I left his office deflated, punctured, wounded and my self-esteem plummeted.

In such circumstances, I immediately wanted to speak to my mum and dad. I knew that they would offer me comfort, a shoulder to cry on and allow my excuses to soothe those pitiful examination results.

Mum: ‘Well, you obviously didn’t work hard enough. Serves you right.’

Dad: ‘You might as well leave school and come into the business. 4 a.m. starts, mind you.’

These simple responses catapulted me into achieving six Highers the following year.

My parents didn’t let me off the hook.
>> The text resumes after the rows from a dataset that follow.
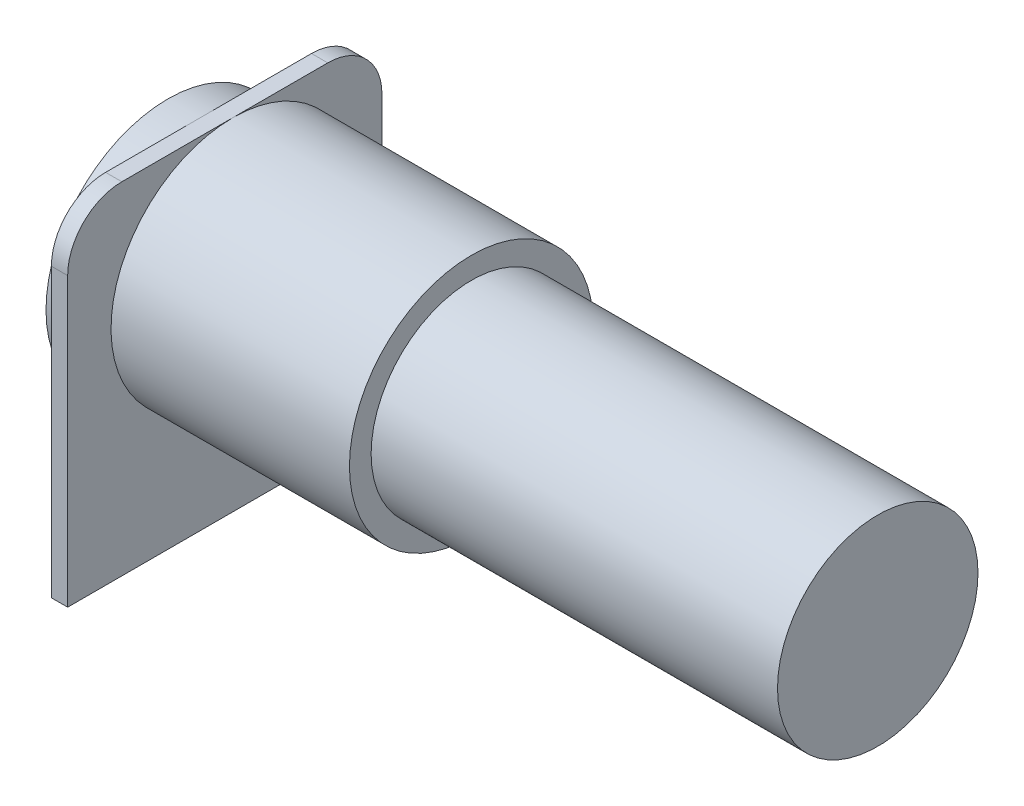
ISO-10303-21;
HEADER;
FILE_DESCRIPTION(('STEP AP214'),'2;1');
FILE_NAME('part.step','',(''),(''),'','','');
FILE_SCHEMA(('AUTOMOTIVE_DESIGN { 1 0 10303 214 1 1 1 1 }'));
ENDSEC;
DATA;
#1=APPLICATION_CONTEXT('core data for automotive mechanical design processes');
#2=APPLICATION_PROTOCOL_DEFINITION('international standard','automotive_design',2000,#1);
#3=PRODUCT_CONTEXT('',#1,'mechanical');
#4=PRODUCT('Part','Part','',(#3));
#5=PRODUCT_RELATED_PRODUCT_CATEGORY('part','',(#4));
#6=PRODUCT_DEFINITION_FORMATION('','',#4);
#7=PRODUCT_DEFINITION_CONTEXT('part definition',#1,'design');
#8=PRODUCT_DEFINITION('design','',#6,#7);
#9=PRODUCT_DEFINITION_SHAPE('','',#8);
#10=(LENGTH_UNIT() NAMED_UNIT(*) SI_UNIT(.MILLI.,.METRE.));
#11=(NAMED_UNIT(*) PLANE_ANGLE_UNIT() SI_UNIT($,.RADIAN.));
#12=(NAMED_UNIT(*) SI_UNIT($,.STERADIAN.) SOLID_ANGLE_UNIT());
#13=UNCERTAINTY_MEASURE_WITH_UNIT(LENGTH_MEASURE(1.E-05),#10,'distance_accuracy_value','');
#14=(GEOMETRIC_REPRESENTATION_CONTEXT(3) GLOBAL_UNCERTAINTY_ASSIGNED_CONTEXT((#13)) GLOBAL_UNIT_ASSIGNED_CONTEXT((#10,
#11,#12)) REPRESENTATION_CONTEXT('',''));
#15=CARTESIAN_POINT('',(0.,0.,0.));
#16=DIRECTION('',(0.,0.,1.));
#17=DIRECTION('',(1.,0.,0.));
#18=AXIS2_PLACEMENT_3D('',#15,#16,#17);
#19=CARTESIAN_POINT('',(3.,-11.2224824355973,58.));
#20=DIRECTION('',(0.,0.,-1.));
#21=DIRECTION('',(0.,1.,0.));
#22=AXIS2_PLACEMENT_3D('',#19,#20,#21);
#23=PLANE('',#22);
#24=DIRECTION('',(0.,-1.,0.));
#25=VECTOR('',#24,1.);
#26=CARTESIAN_POINT('',(0.,-11.2224824355973,58.));
#27=LINE('',#26,#25);
#28=CARTESIAN_POINT('',(0.,-11.2224824355973,58.));
#29=VERTEX_POINT('',#28);
#30=CARTESIAN_POINT('',(0.,-64.2224824355972,58.));
#31=VERTEX_POINT('',#30);
#32=EDGE_CURVE('E140',#29,#31,#27,.T.);
#33=ORIENTED_EDGE('',*,*,#32,.T.);
#34=DIRECTION('',(-1.,0.,0.));
#35=VECTOR('',#34,1.);
#36=CARTESIAN_POINT('',(3.,-64.2224824355972,58.));
#37=LINE('',#36,#35);
#38=CARTESIAN_POINT('',(3.,-64.2224824355972,58.));
#39=VERTEX_POINT('',#38);
#40=EDGE_CURVE('E42',#39,#31,#37,.T.);
#41=ORIENTED_EDGE('',*,*,#40,.F.);
#42=DIRECTION('',(0.,-1.,0.));
#43=VECTOR('',#42,1.);
#44=CARTESIAN_POINT('',(3.,-11.2224824355973,58.));
#45=LINE('',#44,#43);
#46=CARTESIAN_POINT('',(3.,-11.2224824355973,58.));
#47=VERTEX_POINT('',#46);
#48=EDGE_CURVE('E158',#47,#39,#45,.T.);
#49=ORIENTED_EDGE('',*,*,#48,.F.);
#50=DIRECTION('',(-1.,0.,0.));
#51=VECTOR('',#50,1.);
#52=CARTESIAN_POINT('',(3.,-11.2224824355973,58.));
#53=LINE('',#52,#51);
#54=EDGE_CURVE('E136',#47,#29,#53,.T.);
#55=ORIENTED_EDGE('',*,*,#54,.T.);
#56=EDGE_LOOP('',(#33,#41,#49,#55));
#57=FACE_BOUND('',#56,.T.);
#58=ADVANCED_FACE('F39',(#57),#23,.F.);
#59=CARTESIAN_POINT('',(3.,-64.2224824355972,0.));
#60=DIRECTION('',(0.,1.,0.));
#61=DIRECTION('',(0.,0.,1.));
#62=AXIS2_PLACEMENT_3D('',#59,#60,#61);
#63=PLANE('',#62);
#64=DIRECTION('',(0.,0.,-1.));
#65=VECTOR('',#64,1.);
#66=CARTESIAN_POINT('',(0.,-64.2224824355972,0.));
#67=LINE('',#66,#65);
#68=CARTESIAN_POINT('',(0.,-64.2224824355972,0.));
#69=VERTEX_POINT('',#68);
#70=EDGE_CURVE('E144',#31,#69,#67,.T.);
#71=ORIENTED_EDGE('',*,*,#70,.T.);
#72=DIRECTION('',(-1.,0.,0.));
#73=VECTOR('',#72,1.);
#74=CARTESIAN_POINT('',(3.,-64.2224824355972,0.));
#75=LINE('',#74,#73);
#76=CARTESIAN_POINT('',(3.,-64.2224824355972,0.));
#77=VERTEX_POINT('',#76);
#78=EDGE_CURVE('E164',#77,#69,#75,.T.);
#79=ORIENTED_EDGE('',*,*,#78,.F.);
#80=DIRECTION('',(0.,0.,-1.));
#81=VECTOR('',#80,1.);
#82=CARTESIAN_POINT('',(3.,-64.2224824355972,0.));
#83=LINE('',#82,#81);
#84=EDGE_CURVE('E96',#39,#77,#83,.T.);
#85=ORIENTED_EDGE('',*,*,#84,.F.);
#86=ORIENTED_EDGE('',*,*,#40,.T.);
#87=EDGE_LOOP('',(#71,#79,#85,#86));
#88=FACE_BOUND('',#87,.T.);
#89=ADVANCED_FACE('F171',(#88),#63,.F.);
#90=CARTESIAN_POINT('',(3.,-11.2224824355973,0.));
#91=DIRECTION('',(0.,0.,1.));
#92=DIRECTION('',(0.,-1.,0.));
#93=AXIS2_PLACEMENT_3D('',#90,#91,#92);
#94=PLANE('',#93);
#95=DIRECTION('',(0.,1.,0.));
#96=VECTOR('',#95,1.);
#97=CARTESIAN_POINT('',(0.,-11.2224824355973,0.));
#98=LINE('',#97,#96);
#99=CARTESIAN_POINT('',(0.,-11.2224824355973,0.));
#100=VERTEX_POINT('',#99);
#101=EDGE_CURVE('E148',#69,#100,#98,.T.);
#102=ORIENTED_EDGE('',*,*,#101,.T.);
#103=DIRECTION('',(-1.,0.,0.));
#104=VECTOR('',#103,1.);
#105=CARTESIAN_POINT('',(3.,-11.2224824355973,0.));
#106=LINE('',#105,#104);
#107=CARTESIAN_POINT('',(3.,-11.2224824355973,0.));
#108=VERTEX_POINT('',#107);
#109=EDGE_CURVE('E128',#108,#100,#106,.T.);
#110=ORIENTED_EDGE('',*,*,#109,.F.);
#111=DIRECTION('',(0.,1.,0.));
#112=VECTOR('',#111,1.);
#113=CARTESIAN_POINT('',(3.,-11.2224824355973,0.));
#114=LINE('',#113,#112);
#115=EDGE_CURVE('E114',#77,#108,#114,.T.);
#116=ORIENTED_EDGE('',*,*,#115,.F.);
#117=ORIENTED_EDGE('',*,*,#78,.T.);
#118=EDGE_LOOP('',(#102,#110,#116,#117));
#119=FACE_BOUND('',#118,.T.);
#120=ADVANCED_FACE('F177',(#119),#94,.F.);
#121=CARTESIAN_POINT('',(3.,-11.2224824355972,10.));
#122=DIRECTION('',(-1.,0.,0.));
#123=DIRECTION('',(0.,0.,1.));
#124=AXIS2_PLACEMENT_3D('',#121,#122,#123);
#125=CYLINDRICAL_SURFACE('',#124,10.);
#126=CARTESIAN_POINT('',(0.,-11.2224824355972,10.));
#127=DIRECTION('',(1.,0.,0.));
#128=DIRECTION('',(0.,0.,1.));
#129=AXIS2_PLACEMENT_3D('',#126,#127,#128);
#130=CIRCLE('',#129,10.);
#131=CARTESIAN_POINT('',(0.,-1.22248243559719,10.0000000000001));
#132=VERTEX_POINT('',#131);
#133=EDGE_CURVE('E125',#100,#132,#130,.T.);
#134=ORIENTED_EDGE('',*,*,#133,.T.);
#135=DIRECTION('',(-1.,0.,0.));
#136=VECTOR('',#135,1.);
#137=CARTESIAN_POINT('',(3.,-1.22248243559719,10.0000000000001));
#138=LINE('',#137,#136);
#139=CARTESIAN_POINT('',(3.,-1.22248243559719,10.0000000000001));
#140=VERTEX_POINT('',#139);
#141=EDGE_CURVE('E122',#140,#132,#138,.T.);
#142=ORIENTED_EDGE('',*,*,#141,.F.);
#143=CARTESIAN_POINT('',(3.,-11.2224824355972,10.));
#144=DIRECTION('',(1.,0.,0.));
#145=DIRECTION('',(0.,0.,1.));
#146=AXIS2_PLACEMENT_3D('',#143,#144,#145);
#147=CIRCLE('',#146,10.);
#148=EDGE_CURVE('E106',#108,#140,#147,.T.);
#149=ORIENTED_EDGE('',*,*,#148,.F.);
#150=ORIENTED_EDGE('',*,*,#109,.T.);
#151=EDGE_LOOP('',(#134,#142,#149,#150));
#152=FACE_BOUND('',#151,.T.);
#153=ADVANCED_FACE('F123',(#152),#125,.T.);
#154=CARTESIAN_POINT('',(3.,-1.22248243559719,10.0000000000001));
#155=DIRECTION('',(0.,-1.,0.));
#156=DIRECTION('',(0.,0.,-1.));
#157=AXIS2_PLACEMENT_3D('',#154,#155,#156);
#158=PLANE('',#157);
#159=DIRECTION('',(0.,0.,1.));
#160=VECTOR('',#159,1.);
#161=CARTESIAN_POINT('',(0.,-1.22248243559719,10.0000000000001));
#162=LINE('',#161,#160);
#163=CARTESIAN_POINT('',(0.,-1.22248243559719,30.5));
#164=VERTEX_POINT('',#163);
#165=EDGE_CURVE('E153',#132,#164,#162,.T.);
#166=ORIENTED_EDGE('',*,*,#165,.T.);
#167=CARTESIAN_POINT('',(0.,-1.22248243559719,47.9999999999999));
#168=VERTEX_POINT('',#167);
#169=EDGE_CURVE('E81',#164,#168,#162,.T.);
#170=ORIENTED_EDGE('',*,*,#169,.T.);
#171=DIRECTION('',(-1.,0.,0.));
#172=VECTOR('',#171,1.);
#173=CARTESIAN_POINT('',(3.,-1.22248243559719,47.9999999999999));
#174=LINE('',#173,#172);
#175=CARTESIAN_POINT('',(3.,-1.22248243559719,47.9999999999999));
#176=VERTEX_POINT('',#175);
#177=EDGE_CURVE('E129',#176,#168,#174,.T.);
#178=ORIENTED_EDGE('',*,*,#177,.F.);
#179=DIRECTION('',(0.,0.,1.));
#180=VECTOR('',#179,1.);
#181=CARTESIAN_POINT('',(3.,-1.22248243559719,10.0000000000001));
#182=LINE('',#181,#180);
#183=CARTESIAN_POINT('',(3.,-1.22248243559718,27.5));
#184=VERTEX_POINT('',#183);
#185=EDGE_CURVE('E119',#184,#176,#182,.T.);
#186=ORIENTED_EDGE('',*,*,#185,.F.);
#187=EDGE_CURVE('E111',#140,#184,#182,.T.);
#188=ORIENTED_EDGE('',*,*,#187,.F.);
#189=ORIENTED_EDGE('',*,*,#141,.T.);
#190=EDGE_LOOP('',(#166,#170,#178,#186,#188,#189));
#191=FACE_BOUND('',#190,.T.);
#192=ADVANCED_FACE('F131',(#191),#158,.F.);
#193=CARTESIAN_POINT('',(3.,-11.2224824355972,48.));
#194=DIRECTION('',(-1.,0.,0.));
#195=DIRECTION('',(0.,0.,1.));
#196=AXIS2_PLACEMENT_3D('',#193,#194,#195);
#197=CYLINDRICAL_SURFACE('',#196,10.);
#198=CARTESIAN_POINT('',(0.,-11.2224824355972,48.));
#199=DIRECTION('',(1.,0.,0.));
#200=DIRECTION('',(0.,0.,-1.));
#201=AXIS2_PLACEMENT_3D('',#198,#199,#200);
#202=CIRCLE('',#201,10.);
#203=EDGE_CURVE('E87',#168,#29,#202,.T.);
#204=ORIENTED_EDGE('',*,*,#203,.T.);
#205=ORIENTED_EDGE('',*,*,#54,.F.);
#206=CARTESIAN_POINT('',(3.,-11.2224824355972,48.));
#207=DIRECTION('',(1.,0.,0.));
#208=DIRECTION('',(0.,0.,-1.));
#209=AXIS2_PLACEMENT_3D('',#206,#207,#208);
#210=CIRCLE('',#209,10.);
#211=EDGE_CURVE('E57',#176,#47,#210,.T.);
#212=ORIENTED_EDGE('',*,*,#211,.F.);
#213=ORIENTED_EDGE('',*,*,#177,.T.);
#214=EDGE_LOOP('',(#204,#205,#212,#213));
#215=FACE_BOUND('',#214,.T.);
#216=ADVANCED_FACE('F253',(#215),#197,.T.);
#217=CARTESIAN_POINT('',(3.,-11.2224824355972,10.));
#218=DIRECTION('',(-1.,0.,0.));
#219=DIRECTION('',(0.,0.,1.));
#220=AXIS2_PLACEMENT_3D('',#217,#218,#219);
#221=PLANE('',#220);
#222=ORIENTED_EDGE('',*,*,#187,.T.);
#223=CARTESIAN_POINT('',(3.,-23.7224824355972,27.5));
#224=DIRECTION('',(1.,0.,0.));
#225=DIRECTION('',(0.,0.,-1.));
#226=AXIS2_PLACEMENT_3D('',#223,#224,#225);
#227=CIRCLE('',#226,22.5);
#228=EDGE_CURVE('E184',#184,#184,#227,.T.);
#229=ORIENTED_EDGE('',*,*,#228,.F.);
#230=ORIENTED_EDGE('',*,*,#185,.T.);
#231=ORIENTED_EDGE('',*,*,#211,.T.);
#232=ORIENTED_EDGE('',*,*,#48,.T.);
#233=ORIENTED_EDGE('',*,*,#84,.T.);
#234=ORIENTED_EDGE('',*,*,#115,.T.);
#235=ORIENTED_EDGE('',*,*,#148,.T.);
#236=EDGE_LOOP('',(#222,#229,#230,#231,#232,#233,#234,#235));
#237=FACE_BOUND('',#236,.T.);
#238=ADVANCED_FACE('F108',(#237),#221,.F.);
#239=CARTESIAN_POINT('',(0.,-11.2224824355972,10.));
#240=DIRECTION('',(-1.,0.,0.));
#241=DIRECTION('',(0.,0.,1.));
#242=AXIS2_PLACEMENT_3D('',#239,#240,#241);
#243=PLANE('',#242);
#244=ORIENTED_EDGE('',*,*,#169,.F.);
#245=CARTESIAN_POINT('',(0.,-23.7224824355972,30.5));
#246=DIRECTION('',(-1.,0.,0.));
#247=DIRECTION('',(0.,0.,1.));
#248=AXIS2_PLACEMENT_3D('',#245,#246,#247);
#249=CIRCLE('',#248,22.5);
#250=EDGE_CURVE('E196',#164,#164,#249,.T.);
#251=ORIENTED_EDGE('',*,*,#250,.F.);
#252=ORIENTED_EDGE('',*,*,#165,.F.);
#253=ORIENTED_EDGE('',*,*,#133,.F.);
#254=ORIENTED_EDGE('',*,*,#101,.F.);
#255=ORIENTED_EDGE('',*,*,#70,.F.);
#256=ORIENTED_EDGE('',*,*,#32,.F.);
#257=ORIENTED_EDGE('',*,*,#203,.F.);
#258=EDGE_LOOP('',(#244,#251,#252,#253,#254,#255,#256,#257));
#259=FACE_BOUND('',#258,.T.);
#260=ADVANCED_FACE('F176',(#259),#243,.T.);
#261=CARTESIAN_POINT('',(47.,-23.7224824355972,27.5));
#262=DIRECTION('',(-1.,0.,0.));
#263=DIRECTION('',(0.,0.,1.));
#264=AXIS2_PLACEMENT_3D('',#261,#262,#263);
#265=CYLINDRICAL_SURFACE('',#264,22.5);
#266=CARTESIAN_POINT('',(47.,-23.7224824355972,27.5));
#267=DIRECTION('',(1.,0.,0.));
#268=DIRECTION('',(0.,0.,-1.));
#269=AXIS2_PLACEMENT_3D('',#266,#267,#268);
#270=CIRCLE('',#269,22.5);
#271=CARTESIAN_POINT('',(47.,-23.7224824355972,4.99999999999999));
#272=VERTEX_POINT('',#271);
#273=EDGE_CURVE('E145',#272,#272,#270,.T.);
#274=ORIENTED_EDGE('',*,*,#273,.F.);
#275=EDGE_LOOP('',(#274));
#276=FACE_BOUND('',#275,.T.);
#277=ORIENTED_EDGE('',*,*,#228,.T.);
#278=EDGE_LOOP('',(#277));
#279=FACE_BOUND('',#278,.T.);
#280=ADVANCED_FACE('F258',(#276,#279),#265,.T.);
#281=CARTESIAN_POINT('',(47.,-23.7224824355972,27.5));
#282=DIRECTION('',(1.,0.,0.));
#283=DIRECTION('',(0.,0.,-1.));
#284=AXIS2_PLACEMENT_3D('',#281,#282,#283);
#285=PLANE('',#284);
#286=CARTESIAN_POINT('',(47.,-23.7224824355972,27.5));
#287=DIRECTION('',(1.,0.,0.));
#288=DIRECTION('',(0.,0.,-1.));
#289=AXIS2_PLACEMENT_3D('',#286,#287,#288);
#290=CIRCLE('',#289,18.5);
#291=CARTESIAN_POINT('',(47.,-23.7224824355972,8.99999999999999));
#292=VERTEX_POINT('',#291);
#293=EDGE_CURVE('E11',#292,#292,#290,.T.);
#294=ORIENTED_EDGE('',*,*,#293,.F.);
#295=EDGE_LOOP('',(#294));
#296=FACE_BOUND('',#295,.T.);
#297=ORIENTED_EDGE('',*,*,#273,.T.);
#298=EDGE_LOOP('',(#297));
#299=FACE_BOUND('',#298,.T.);
#300=ADVANCED_FACE('F263',(#296,#299),#285,.T.);
#301=CARTESIAN_POINT('',(122.,-23.7224824355972,27.5));
#302=DIRECTION('',(-1.,0.,0.));
#303=DIRECTION('',(0.,0.,1.));
#304=AXIS2_PLACEMENT_3D('',#301,#302,#303);
#305=CYLINDRICAL_SURFACE('',#304,18.5);
#306=CARTESIAN_POINT('',(122.,-23.7224824355972,27.5));
#307=DIRECTION('',(1.,0.,0.));
#308=DIRECTION('',(0.,0.,-1.));
#309=AXIS2_PLACEMENT_3D('',#306,#307,#308);
#310=CIRCLE('',#309,18.5);
#311=CARTESIAN_POINT('',(122.,-23.7224824355972,8.99999999999999));
#312=VERTEX_POINT('',#311);
#313=EDGE_CURVE('E188',#312,#312,#310,.T.);
#314=ORIENTED_EDGE('',*,*,#313,.F.);
#315=EDGE_LOOP('',(#314));
#316=FACE_BOUND('',#315,.T.);
#317=ORIENTED_EDGE('',*,*,#293,.T.);
#318=EDGE_LOOP('',(#317));
#319=FACE_BOUND('',#318,.T.);
#320=ADVANCED_FACE('F237',(#316,#319),#305,.T.);
#321=CARTESIAN_POINT('',(122.,-23.7224824355972,27.5));
#322=DIRECTION('',(1.,0.,0.));
#323=DIRECTION('',(0.,0.,-1.));
#324=AXIS2_PLACEMENT_3D('',#321,#322,#323);
#325=PLANE('',#324);
#326=ORIENTED_EDGE('',*,*,#313,.T.);
#327=EDGE_LOOP('',(#326));
#328=FACE_BOUND('',#327,.T.);
#329=ADVANCED_FACE('F229',(#328),#325,.T.);
#330=CARTESIAN_POINT('',(-6.,-23.7224824355972,30.5));
#331=DIRECTION('',(1.,0.,0.));
#332=DIRECTION('',(0.,0.,-1.));
#333=AXIS2_PLACEMENT_3D('',#330,#331,#332);
#334=CYLINDRICAL_SURFACE('',#333,22.5);
#335=CARTESIAN_POINT('',(-6.,-23.7224824355972,30.5));
#336=DIRECTION('',(-1.,0.,0.));
#337=DIRECTION('',(0.,0.,1.));
#338=AXIS2_PLACEMENT_3D('',#335,#336,#337);
#339=CIRCLE('',#338,22.5);
#340=CARTESIAN_POINT('',(-6.,-23.7224824355972,53.));
#341=VERTEX_POINT('',#340);
#342=EDGE_CURVE('E195',#341,#341,#339,.T.);
#343=ORIENTED_EDGE('',*,*,#342,.F.);
#344=EDGE_LOOP('',(#343));
#345=FACE_BOUND('',#344,.T.);
#346=ORIENTED_EDGE('',*,*,#250,.T.);
#347=EDGE_LOOP('',(#346));
#348=FACE_BOUND('',#347,.T.);
#349=ADVANCED_FACE('F223',(#345,#348),#334,.T.);
#350=CARTESIAN_POINT('',(-6.,-23.7224824355972,30.5));
#351=DIRECTION('',(-1.,0.,0.));
#352=DIRECTION('',(0.,0.,1.));
#353=AXIS2_PLACEMENT_3D('',#350,#351,#352);
#354=PLANE('',#353);
#355=CARTESIAN_POINT('',(-6.,-23.7224824355972,30.5));
#356=DIRECTION('',(-1.,0.,0.));
#357=DIRECTION('',(0.,0.,1.));
#358=AXIS2_PLACEMENT_3D('',#355,#356,#357);
#359=CIRCLE('',#358,3.);
#360=CARTESIAN_POINT('',(-6.,-23.7224824355972,33.5));
#361=VERTEX_POINT('',#360);
#362=EDGE_CURVE('E204',#361,#361,#359,.T.);
#363=ORIENTED_EDGE('',*,*,#362,.F.);
#364=EDGE_LOOP('',(#363));
#365=FACE_BOUND('',#364,.T.);
#366=ORIENTED_EDGE('',*,*,#342,.T.);
#367=EDGE_LOOP('',(#366));
#368=FACE_BOUND('',#367,.T.);
#369=ADVANCED_FACE('F217',(#365,#368),#354,.T.);
#370=CARTESIAN_POINT('',(-13.5,-23.7224824355972,30.5));
#371=DIRECTION('',(1.,0.,0.));
#372=DIRECTION('',(0.,0.,-1.));
#373=AXIS2_PLACEMENT_3D('',#370,#371,#372);
#374=CYLINDRICAL_SURFACE('',#373,3.);
#375=CARTESIAN_POINT('',(-13.5,-23.7224824355972,30.5));
#376=DIRECTION('',(-1.,0.,0.));
#377=DIRECTION('',(0.,0.,1.));
#378=AXIS2_PLACEMENT_3D('',#375,#376,#377);
#379=CIRCLE('',#378,3.);
#380=CARTESIAN_POINT('',(-13.5,-23.7224824355972,33.5));
#381=VERTEX_POINT('',#380);
#382=EDGE_CURVE('E200',#381,#381,#379,.T.);
#383=ORIENTED_EDGE('',*,*,#382,.F.);
#384=EDGE_LOOP('',(#383));
#385=FACE_BOUND('',#384,.T.);
#386=ORIENTED_EDGE('',*,*,#362,.T.);
#387=EDGE_LOOP('',(#386));
#388=FACE_BOUND('',#387,.T.);
#389=ADVANCED_FACE('F214',(#385,#388),#374,.T.);
#390=CARTESIAN_POINT('',(-13.5,-23.7224824355972,30.5));
#391=DIRECTION('',(-1.,0.,0.));
#392=DIRECTION('',(0.,0.,1.));
#393=AXIS2_PLACEMENT_3D('',#390,#391,#392);
#394=PLANE('',#393);
#395=ORIENTED_EDGE('',*,*,#382,.T.);
#396=EDGE_LOOP('',(#395));
#397=FACE_BOUND('',#396,.T.);
#398=ADVANCED_FACE('F212',(#397),#394,.T.);
#399=CLOSED_SHELL('',(#58,#89,#120,#153,#192,#216,#238,#260,#280,#300,#320,#329,#349,#369,#389,#398));
#400=MANIFOLD_SOLID_BREP('B2',#399);
#401=ADVANCED_BREP_SHAPE_REPRESENTATION('',(#18,#400),#14);
#402=SHAPE_DEFINITION_REPRESENTATION(#9,#401);
ENDSEC;
END-ISO-10303-21;

They didn’t phone the school to complain that it was my teachers’ fault. They didn’t request an exceptional circumstances request because I had been unwell during the examination period. They basically said, ‘Suck it up and get on with it.’

I don’t think many of us parents would do that now. I know I try hard to be ‘tough’, but it’s desperately difficult.

As a society, we have all fallen into the trap of ‘comfort’. And now, we are paying the price. And it’s not just children. Adults themselves are becoming ever more plagued by anxiety, stress, obesity, chronic fatigue or pain and a myriad of other debilitating effects, borne from the fact that we all live in an increasingly sheltered, safe, over indulged, clinical environment and it’s killing us.

It’s a hard message to hear but, for once, I think I’m right. Actually, I think I’ve nailed it. We’re too soft, we’re too forgiving, we’re too quick to apportion blame elsewhere. We need to back off, allow kids to fail, allow kids to build up resilience, allow kids to understand that life isn’t always easy. If we don’t, we’ll end up with adults that cannot cope with adversity, who require support when facing any obstacle that comes in their way and they will fail to succeed. And it will be our fault.

I’m not suggesting no love. I’m suggesting grown-up, common sense, thinking ahead to the future, love. That’s what my parents gave me and thank God they did.